According to the study, disability cases also were more likely to be settled than cases involving other types of plans. The study did not measure the reasons that might underlie that difference, Anderson noted.

“You could guess that since they’re typically about smaller sums of money than, say, life insurance settlements, they tend to involve plaintiffs who are under more monetary pressure to settle and take something as opposed to waiting out the process and attempting to get more,” he said. “So there are pragmatic litigation reasons why those cases might be more likely to settle.”

One also might expect that a claim of a conflict-of-interest would make a settlement more likely, Anderson said.

“It might change the calculation for the defendants as to whether it’s worth pursuing a case to the very last yard – or whether it makes more sense to just pay off the plaintiff to make the case go away,” he said.

And, in fact, the article found that disability cases, in which conflict of interest claims were more common, were more likely to settle than other types of cases.
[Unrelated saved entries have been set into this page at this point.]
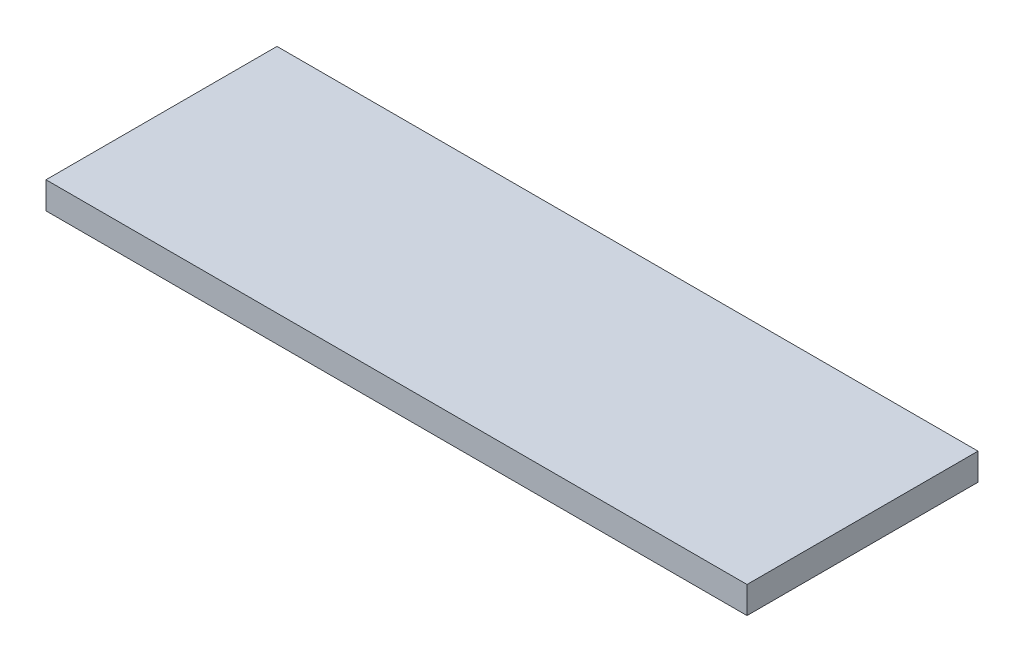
from build123d import *

# Parameters (mm, degrees)
SKETCH1_W           = 165.1
SKETCH1_H           = 54.4
BOSS_EXTRUDE1_DEPTH = 6.35


with BuildPart() as part:
    # Sketch1 → Boss-Extrude1 (new body)
    with BuildSketch(Plane(origin=(0, 0, 0), x_dir=(1, 0, 0), z_dir=(0, 1, 0))):
        with Locations((82.55, 27.2)):
            Rectangle(SKETCH1_W, SKETCH1_H)
    extrude(amount=BOSS_EXTRUDE1_DEPTH)


solid = part.part

But across all categories of benefits cases, those with claims of a conflict of interest were actually less likely to settle. The reasons for that are not clear, Anderson said.

He also believes an alternative to litigation that is available for most health care benefit claims could be applied to disability claims as well. Under either state law or the federal Affordable Care Act, most health plan participants whose claims are denied, instead of going to court, can choose to have an independent doctor who doesn’t work for the employer or the insurance company decide whether they’re entitled to the benefits.

“Because most disability claims, like health care claims, involve medical evidence, review by independent experts might be a desirable approach for disability benefits, too,” Anderson said. “It would seem that that type of situation would lend itself well to independent review, so then we wouldn’t have federal judges with no medical expertise reviewing decisions about whether or not someone meets the definition of disability.”